- How to complete this task
Of the entries below, restate word for word only the section that runs from the line with "#20802 = DIRECTION" to the line with "#25040 = VERTEX_POINT ( 'NONE', #12187 ) ;", counting both ends.

Stored items:
++++++++++++++++++++

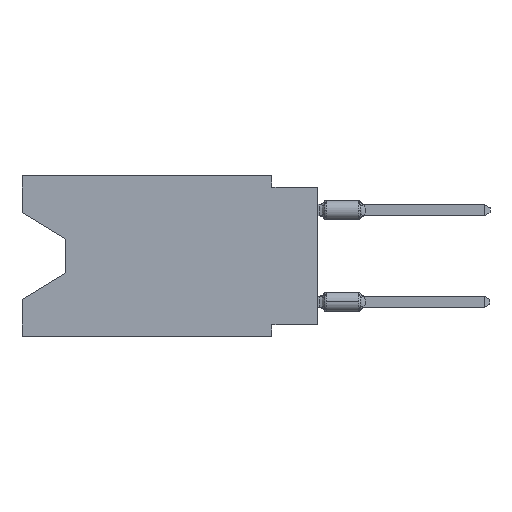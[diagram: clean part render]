
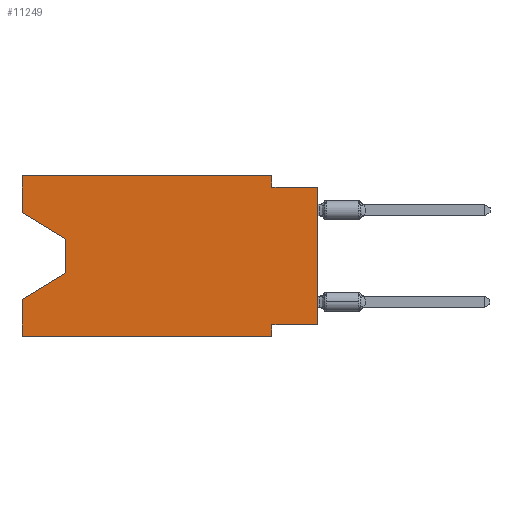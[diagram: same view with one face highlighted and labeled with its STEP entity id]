
A CAD part, left-side view. The second image highlights one B-rep face of the part: STEP entity #11249.
In plain terms, the highlighted planar face has unit normal (-1, 0, 0).
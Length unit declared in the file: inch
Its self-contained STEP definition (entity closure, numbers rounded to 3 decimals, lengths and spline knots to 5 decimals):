
#153 = VECTOR ( 'NONE', #20802, 39.37008 ) ;
#1207 = ORIENTED_EDGE ( 'NONE', *, *, #3569, .T. ) ;
#1903 = VERTEX_POINT ( 'NONE', #17201 ) ;
#2048 = ORIENTED_EDGE ( 'NONE', *, *, #24617, .F. ) ;
#2130 = CARTESIAN_POINT ( 'NONE',  ( 0., 0., -0.325 ) ) ;
#2330 = VERTEX_POINT ( 'NONE', #16781 ) ;
#2514 = VECTOR ( 'NONE', #24811, 39.37008 ) ;
#3055 = LINE ( 'NONE', #24032, #5162 ) ;
#3086 = DIRECTION ( 'NONE',  ( 0., 0., -1. ) ) ;
#3352 = VECTOR ( 'NONE', #36688, 39.37008 ) ;
#3569 = EDGE_CURVE ( 'NONE', #33642, #26587, #27039, .T. ) ;
#3811 = VERTEX_POINT ( 'NONE', #19077 ) ;
#3857 = VECTOR ( 'NONE', #33735, 39.37008 ) ;
#4302 = EDGE_CURVE ( 'NONE', #1903, #35879, #8256, .T. ) ;
#4978 = EDGE_CURVE ( 'NONE', #32879, #10029, #37272, .T. ) ;
#5162 = VECTOR ( 'NONE', #6281, 39.37008 ) ;
#5707 = ORIENTED_EDGE ( 'NONE', *, *, #18867, .T. ) ;
#6281 = DIRECTION ( 'NONE',  ( 0., -1., 0. ) ) ;
#6553 = CARTESIAN_POINT ( 'NONE',  ( 0., 0.645, 0. ) ) ;
#7424 = ORIENTED_EDGE ( 'NONE', *, *, #29876, .T. ) ;
#8095 = VECTOR ( 'NONE', #10137, 39.37008 ) ;
#8256 = LINE ( 'NONE', #31270, #3857 ) ;
#9365 = LINE ( 'NONE', #6553, #14438 ) ;
#10029 = VERTEX_POINT ( 'NONE', #28555 ) ;
#10137 = DIRECTION ( 'NONE',  ( 0., 0., 1. ) ) ;
#10206 = VERTEX_POINT ( 'NONE', #28754 ) ;
#10407 = ORIENTED_EDGE ( 'NONE', *, *, #36921, .F. ) ;
#10417 = PLANE ( 'NONE',  #18491 ) ;
#11249 = ADVANCED_FACE ( 'NONE', ( #19633 ), #10417, .F. ) ;
#11770 = DIRECTION ( 'NONE',  ( 0., -1., 0. ) ) ;
#12187 = CARTESIAN_POINT ( 'NONE',  ( 0., 0., -0.025 ) ) ;
#12677 = LINE ( 'NONE', #14752, #13661 ) ;
#13661 = VECTOR ( 'NONE', #26271, 39.37008 ) ;
#13848 = CARTESIAN_POINT ( 'NONE',  ( 0., 0.645, -0.26975 ) ) ;
#14009 = CARTESIAN_POINT ( 'NONE',  ( 0., 0.645, -0.08025 ) ) ;
#14438 = VECTOR ( 'NONE', #18051, 39.37008 ) ;
#14582 = LINE ( 'NONE', #32135, #22639 ) ;
#14605 = CARTESIAN_POINT ( 'NONE',  ( 0., 0.1, 0. ) ) ;
#14701 = ORIENTED_EDGE ( 'NONE', *, *, #37131, .F. ) ;
#14751 = EDGE_CURVE ( 'NONE', #35879, #32879, #9365, .T. ) ;
#14752 = CARTESIAN_POINT ( 'NONE',  ( 0., 0.55, -0.138 ) ) ;
#15513 = DIRECTION ( 'NONE',  ( 0., 0., 1. ) ) ;
#15526 = EDGE_CURVE ( 'NONE', #2330, #3811, #3055, .T. ) ;
#16781 = CARTESIAN_POINT ( 'NONE',  ( 0., 0.645, -0.35 ) ) ;
#16832 = ORIENTED_EDGE ( 'NONE', *, *, #15526, .T. ) ;
#17201 = CARTESIAN_POINT ( 'NONE',  ( 0., 0.645, -0.08025 ) ) ;
#17582 = ORIENTED_EDGE ( 'NONE', *, *, #4978, .F. ) ;
#18051 = DIRECTION ( 'NONE',  ( 0., -1., 0. ) ) ;
#18332 = LINE ( 'NONE', #34813, #26614 ) ;
#18491 = AXIS2_PLACEMENT_3D ( 'NONE', #27404, #33428, #36092 ) ;
#18867 = EDGE_CURVE ( 'NONE', #10206, #25040, #18332, .T. ) ;
#19077 = CARTESIAN_POINT ( 'NONE',  ( 0., 0.1, -0.35 ) ) ;
#19633 = FACE_OUTER_BOUND ( 'NONE', #31660, .T. ) ;
#20802 = DIRECTION ( 'NONE',  ( 0., 0.855, -0.519 ) ) ;
#21811 = CARTESIAN_POINT ( 'NONE',  ( 0., 0.645, 0. ) ) ;
#22106 = CARTESIAN_POINT ( 'NONE',  ( 0., 0.1, -0.325 ) ) ;
#22187 = DIRECTION ( 'NONE',  ( 0., 0., -1. ) ) ;
#22639 = VECTOR ( 'NONE', #11770, 39.37008 ) ;
#22730 = LINE ( 'NONE', #30846, #33429 ) ;
#24032 = CARTESIAN_POINT ( 'NONE',  ( 0., 0.645, -0.35 ) ) ;
#24617 = EDGE_CURVE ( 'NONE', #2330, #26587, #24660, .T. ) ;
#24660 = LINE ( 'NONE', #21811, #8095 ) ;
#24811 = DIRECTION ( 'NONE',  ( 0., -0.855, -0.519 ) ) ;
#25040 = VERTEX_POINT ( 'NONE', #12187 ) ;
#25143 = ORIENTED_EDGE ( 'NONE', *, *, #26586, .F. ) ;
#25938 = CARTESIAN_POINT ( 'NONE',  ( 0., 0.55, -0.138 ) ) ;
#26271 = DIRECTION ( 'NONE',  ( 0., 0., -1. ) ) ;
#26586 = EDGE_CURVE ( 'NONE', #29052, #3811, #22730, .T. ) ;
#26587 = VERTEX_POINT ( 'NONE', #13848 ) ;
#26614 = VECTOR ( 'NONE', #15513, 39.37008 ) ;
#27039 = LINE ( 'NONE', #35137, #153 ) ;
#27404 = CARTESIAN_POINT ( 'NONE',  ( 0., 0.645, 0. ) ) ;
#27654 = LINE ( 'NONE', #2130, #3352 ) ;
#27661 = CARTESIAN_POINT ( 'NONE',  ( 0., 0.1, 0. ) ) ;
#28145 = VERTEX_POINT ( 'NONE', #25938 ) ;
#28185 = LINE ( 'NONE', #14009, #2514 ) ;
#28555 = CARTESIAN_POINT ( 'NONE',  ( 0., 0.1, -0.025 ) ) ;
#28587 = ORIENTED_EDGE ( 'NONE', *, *, #14751, .F. ) ;
#28747 = EDGE_CURVE ( 'NONE', #28145, #33642, #12677, .T. ) ;
#28754 = CARTESIAN_POINT ( 'NONE',  ( 0., 0., -0.325 ) ) ;
#29052 = VERTEX_POINT ( 'NONE', #22106 ) ;
#29876 = EDGE_CURVE ( 'NONE', #1903, #28145, #28185, .T. ) ;
#30846 = CARTESIAN_POINT ( 'NONE',  ( 0., 0.1, -0.35 ) ) ;
#31270 = CARTESIAN_POINT ( 'NONE',  ( 0., 0.645, 0. ) ) ;
#31660 = EDGE_LOOP ( 'NONE', ( #7424, #32782, #1207, #2048, #16832, #25143, #10407, #5707, #14701, #17582, #28587, #32558 ) ) ;
#32135 = CARTESIAN_POINT ( 'NONE',  ( 0., 0., -0.025 ) ) ;
#32558 = ORIENTED_EDGE ( 'NONE', *, *, #4302, .F. ) ;
#32782 = ORIENTED_EDGE ( 'NONE', *, *, #28747, .T. ) ;
#32879 = VERTEX_POINT ( 'NONE', #27661 ) ;
#33428 = DIRECTION ( 'NONE',  ( 1., 0., 0. ) ) ;
#33429 = VECTOR ( 'NONE', #22187, 39.37008 ) ;
#33642 = VERTEX_POINT ( 'NONE', #36242 ) ;
#33735 = DIRECTION ( 'NONE',  ( 0., 0., 1. ) ) ;
#34011 = VECTOR ( 'NONE', #3086, 39.37008 ) ;
#34797 = CARTESIAN_POINT ( 'NONE',  ( 0., 0.645, 0. ) ) ;
#34813 = CARTESIAN_POINT ( 'NONE',  ( 0., 0., 0. ) ) ;
#35137 = CARTESIAN_POINT ( 'NONE',  ( 0., 0.55, -0.212 ) ) ;
#35879 = VERTEX_POINT ( 'NONE', #34797 ) ;
#36092 = DIRECTION ( 'NONE',  ( 0., 0., -1. ) ) ;
#36242 = CARTESIAN_POINT ( 'NONE',  ( 0., 0.55, -0.212 ) ) ;
#36688 = DIRECTION ( 'NONE',  ( 0., 1., 0. ) ) ;
#36921 = EDGE_CURVE ( 'NONE', #10206, #29052, #27654, .T. ) ;
#37131 = EDGE_CURVE ( 'NONE', #10029, #25040, #14582, .T. ) ;
#37272 = LINE ( 'NONE', #14605, #34011 ) ;
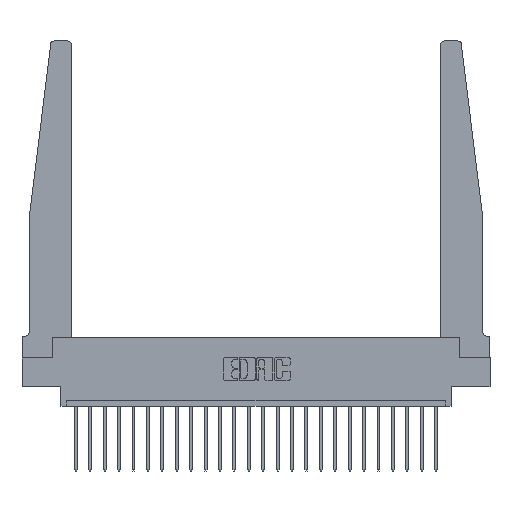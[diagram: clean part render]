
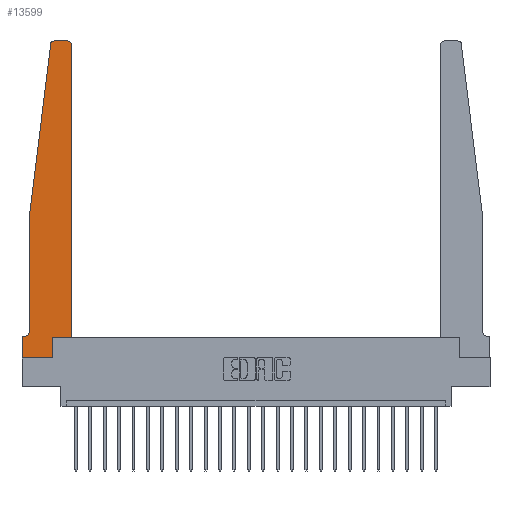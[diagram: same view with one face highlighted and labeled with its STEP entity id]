
A CAD part, top view. The second image highlights one B-rep face of the part: STEP entity #13599.
In plain terms, the highlighted planar face has unit normal (0, 0, 1).
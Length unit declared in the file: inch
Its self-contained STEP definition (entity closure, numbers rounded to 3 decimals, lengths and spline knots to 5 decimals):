
#102 = DIRECTION ( 'NONE',  ( 0., 0., 1. ) ) ;
#465 = VECTOR ( 'NONE', #18315, 39.37008 ) ;
#664 = DIRECTION ( 'NONE',  ( 1., 0., 0. ) ) ;
#704 = VECTOR ( 'NONE', #14985, 39.37008 ) ;
#945 = ORIENTED_EDGE ( 'NONE', *, *, #2882, .T. ) ;
#1028 = CARTESIAN_POINT ( 'NONE',  ( 0., 0., 0.37 ) ) ;
#1176 = DIRECTION ( 'NONE',  ( 1., 0., 0. ) ) ;
#1450 = DIRECTION ( 'NONE',  ( 0., 0., 1. ) ) ;
#1455 = VECTOR ( 'NONE', #20403, 39.37008 ) ;
#2353 = CARTESIAN_POINT ( 'NONE',  ( 0.2605, 0.18, 0.37 ) ) ;
#2691 = ORIENTED_EDGE ( 'NONE', *, *, #22400, .T. ) ;
#2700 = CARTESIAN_POINT ( 'NONE',  ( 0.2605, 0.18, 0.37 ) ) ;
#2881 = CARTESIAN_POINT ( 'NONE',  ( 0.065, 1.25, 0.37 ) ) ;
#2882 = EDGE_CURVE ( 'NONE', #15678, #20808, #15006, .T. ) ;
#3110 = ORIENTED_EDGE ( 'NONE', *, *, #17008, .T. ) ;
#3128 = CARTESIAN_POINT ( 'NONE',  ( 0.395, 2.72, 0.37 ) ) ;
#3277 = VERTEX_POINT ( 'NONE', #22163 ) ;
#3687 = CIRCLE ( 'NONE', #23165, 0.03 ) ;
#3757 = CARTESIAN_POINT ( 'NONE',  ( 0.425, 0.18, 0.37 ) ) ;
#4080 = CARTESIAN_POINT ( 'NONE',  ( 0.27653, 2.75, 0.37 ) ) ;
#4088 = CARTESIAN_POINT ( 'NONE',  ( 0.065, 0.1875, 0.37 ) ) ;
#4188 = ORIENTED_EDGE ( 'NONE', *, *, #15517, .T. ) ;
#5037 = DIRECTION ( 'NONE',  ( 1., 0., 0. ) ) ;
#5358 = ORIENTED_EDGE ( 'NONE', *, *, #16912, .T. ) ;
#5534 = CARTESIAN_POINT ( 'NONE',  ( 0.015, 0.2375, 0.37 ) ) ;
#5869 = EDGE_CURVE ( 'NONE', #22154, #21163, #11412, .T. ) ;
#5933 = CARTESIAN_POINT ( 'NONE',  ( 0.065, 1.25, 0.37 ) ) ;
#6026 = DIRECTION ( 'NONE',  ( 0., 1., 0. ) ) ;
#7440 = VERTEX_POINT ( 'NONE', #4080 ) ;
#7572 = LINE ( 'NONE', #18577, #704 ) ;
#8058 = VECTOR ( 'NONE', #18660, 39.37008 ) ;
#9169 = PLANE ( 'NONE',  #17375 ) ;
#9235 = LINE ( 'NONE', #14605, #465 ) ;
#9390 = VERTEX_POINT ( 'NONE', #11305 ) ;
#9510 = VECTOR ( 'NONE', #12975, 39.37008 ) ;
#9662 = ORIENTED_EDGE ( 'NONE', *, *, #15091, .T. ) ;
#9745 = FACE_OUTER_BOUND ( 'NONE', #10450, .T. ) ;
#9855 = CARTESIAN_POINT ( 'NONE',  ( 0.25, 2.75, 0.37 ) ) ;
#9980 = VERTEX_POINT ( 'NONE', #14092 ) ;
#10450 = EDGE_LOOP ( 'NONE', ( #9662, #5358, #945, #13789, #4188, #12576, #21225, #2691, #20040, #17362, #18350, #3110 ) ) ;
#10852 = EDGE_CURVE ( 'NONE', #13059, #10998, #17046, .T. ) ;
#10906 = DIRECTION ( 'NONE',  ( 0., 0., -1. ) ) ;
#10998 = VERTEX_POINT ( 'NONE', #2700 ) ;
#11105 = VECTOR ( 'NONE', #6026, 39.37008 ) ;
#11305 = CARTESIAN_POINT ( 'NONE',  ( 0.065, 0.2375, 0.37 ) ) ;
#11412 = LINE ( 'NONE', #3757, #11105 ) ;
#11886 = LINE ( 'NONE', #9855, #19091 ) ;
#12576 = ORIENTED_EDGE ( 'NONE', *, *, #21978, .T. ) ;
#12975 = DIRECTION ( 'NONE',  ( 0., 1., 0. ) ) ;
#13059 = VERTEX_POINT ( 'NONE', #23095 ) ;
#13170 = LINE ( 'NONE', #4088, #8058 ) ;
#13440 = DIRECTION ( 'NONE',  ( -1., 0., 0. ) ) ;
#13472 = VECTOR ( 'NONE', #22358, 39.37008 ) ;
#13599 = ADVANCED_FACE ( 'NONE', ( #9745 ), #9169, .T. ) ;
#13789 = ORIENTED_EDGE ( 'NONE', *, *, #18275, .T. ) ;
#14092 = CARTESIAN_POINT ( 'NONE',  ( 0.015, 0.1875, 0.37 ) ) ;
#14605 = CARTESIAN_POINT ( 'NONE',  ( 0.425, 0.18, 0.37 ) ) ;
#14724 = CARTESIAN_POINT ( 'NONE',  ( 0., 0.1875, 0.37 ) ) ;
#14841 = DIRECTION ( 'NONE',  ( -1., 0., 0. ) ) ;
#14985 = DIRECTION ( 'NONE',  ( 0., -1., 0. ) ) ;
#15006 = LINE ( 'NONE', #5933, #1455 ) ;
#15091 = EDGE_CURVE ( 'NONE', #3277, #7440, #11886, .T. ) ;
#15403 = CARTESIAN_POINT ( 'NONE',  ( 0.425, 2.72, 0.37 ) ) ;
#15435 = EDGE_CURVE ( 'NONE', #10998, #22154, #9235, .T. ) ;
#15517 = EDGE_CURVE ( 'NONE', #9390, #9980, #17693, .T. ) ;
#15678 = VERTEX_POINT ( 'NONE', #21538 ) ;
#15749 = LINE ( 'NONE', #17543, #16462 ) ;
#16460 = CARTESIAN_POINT ( 'NONE',  ( 0., 0.1875, 0.37 ) ) ;
#16462 = VECTOR ( 'NONE', #1176, 39.37008 ) ;
#16654 = AXIS2_PLACEMENT_3D ( 'NONE', #18906, #18790, #19020 ) ;
#16689 = VERTEX_POINT ( 'NONE', #14724 ) ;
#16912 = EDGE_CURVE ( 'NONE', #7440, #15678, #19696, .T. ) ;
#17008 = EDGE_CURVE ( 'NONE', #21163, #3277, #3687, .T. ) ;
#17046 = LINE ( 'NONE', #2353, #9510 ) ;
#17069 = LINE ( 'NONE', #22467, #13472 ) ;
#17362 = ORIENTED_EDGE ( 'NONE', *, *, #15435, .T. ) ;
#17375 = AXIS2_PLACEMENT_3D ( 'NONE', #16460, #102, #664 ) ;
#17543 = CARTESIAN_POINT ( 'NONE',  ( 0., 0., 0.37 ) ) ;
#17693 = CIRCLE ( 'NONE', #20391, 0.05 ) ;
#18275 = EDGE_CURVE ( 'NONE', #20808, #9390, #17069, .T. ) ;
#18315 = DIRECTION ( 'NONE',  ( 1., 0., 0. ) ) ;
#18350 = ORIENTED_EDGE ( 'NONE', *, *, #5869, .T. ) ;
#18577 = CARTESIAN_POINT ( 'NONE',  ( 0., 0., 0.37 ) ) ;
#18660 = DIRECTION ( 'NONE',  ( -1., 0., 0. ) ) ;
#18790 = DIRECTION ( 'NONE',  ( 0., 0., 1. ) ) ;
#18847 = VERTEX_POINT ( 'NONE', #1028 ) ;
#18906 = CARTESIAN_POINT ( 'NONE',  ( 0.27653, 2.72, 0.37 ) ) ;
#19020 = DIRECTION ( 'NONE',  ( 1., 0., 0. ) ) ;
#19091 = VECTOR ( 'NONE', #13440, 39.37008 ) ;
#19696 = CIRCLE ( 'NONE', #16654, 0.03 ) ;
#20040 = ORIENTED_EDGE ( 'NONE', *, *, #10852, .T. ) ;
#20194 = EDGE_CURVE ( 'NONE', #16689, #18847, #7572, .T. ) ;
#20391 = AXIS2_PLACEMENT_3D ( 'NONE', #5534, #10906, #14841 ) ;
#20403 = DIRECTION ( 'NONE',  ( -0.122, -0.992, 0. ) ) ;
#20808 = VERTEX_POINT ( 'NONE', #2881 ) ;
#21163 = VERTEX_POINT ( 'NONE', #15403 ) ;
#21225 = ORIENTED_EDGE ( 'NONE', *, *, #20194, .T. ) ;
#21538 = CARTESIAN_POINT ( 'NONE',  ( 0.24675, 2.72367, 0.37 ) ) ;
#21978 = EDGE_CURVE ( 'NONE', #9980, #16689, #13170, .T. ) ;
#22154 = VERTEX_POINT ( 'NONE', #22233 ) ;
#22163 = CARTESIAN_POINT ( 'NONE',  ( 0.395, 2.75, 0.37 ) ) ;
#22233 = CARTESIAN_POINT ( 'NONE',  ( 0.425, 0.18, 0.37 ) ) ;
#22358 = DIRECTION ( 'NONE',  ( 0., -1., 0. ) ) ;
#22400 = EDGE_CURVE ( 'NONE', #18847, #13059, #15749, .T. ) ;
#22467 = CARTESIAN_POINT ( 'NONE',  ( 0.065, 1.25, 0.37 ) ) ;
#23095 = CARTESIAN_POINT ( 'NONE',  ( 0.2605, 0., 0.37 ) ) ;
#23165 = AXIS2_PLACEMENT_3D ( 'NONE', #3128, #1450, #5037 ) ;

++++++++++++++++++++

- Problem solution
#20802 = DIRECTION ( 'NONE',  ( 0., 0.855, -0.519 ) ) ;
#21811 = CARTESIAN_POINT ( 'NONE',  ( 0., 0.645, 0. ) ) ;
#22106 = CARTESIAN_POINT ( 'NONE',  ( 0., 0.1, -0.325 ) ) ;
#22187 = DIRECTION ( 'NONE',  ( 0., 0., -1. ) ) ;
#22639 = VECTOR ( 'NONE', #11770, 39.37008 ) ;
#22730 = LINE ( 'NONE', #30846, #33429 ) ;
#24032 = CARTESIAN_POINT ( 'NONE',  ( 0., 0.645, -0.35 ) ) ;
#24617 = EDGE_CURVE ( 'NONE', #2330, #26587, #24660, .T. ) ;
#24660 = LINE ( 'NONE', #21811, #8095 ) ;
#24811 = DIRECTION ( 'NONE',  ( 0., -0.855, -0.519 ) ) ;
#25040 = VERTEX_POINT ( 'NONE', #12187 ) ;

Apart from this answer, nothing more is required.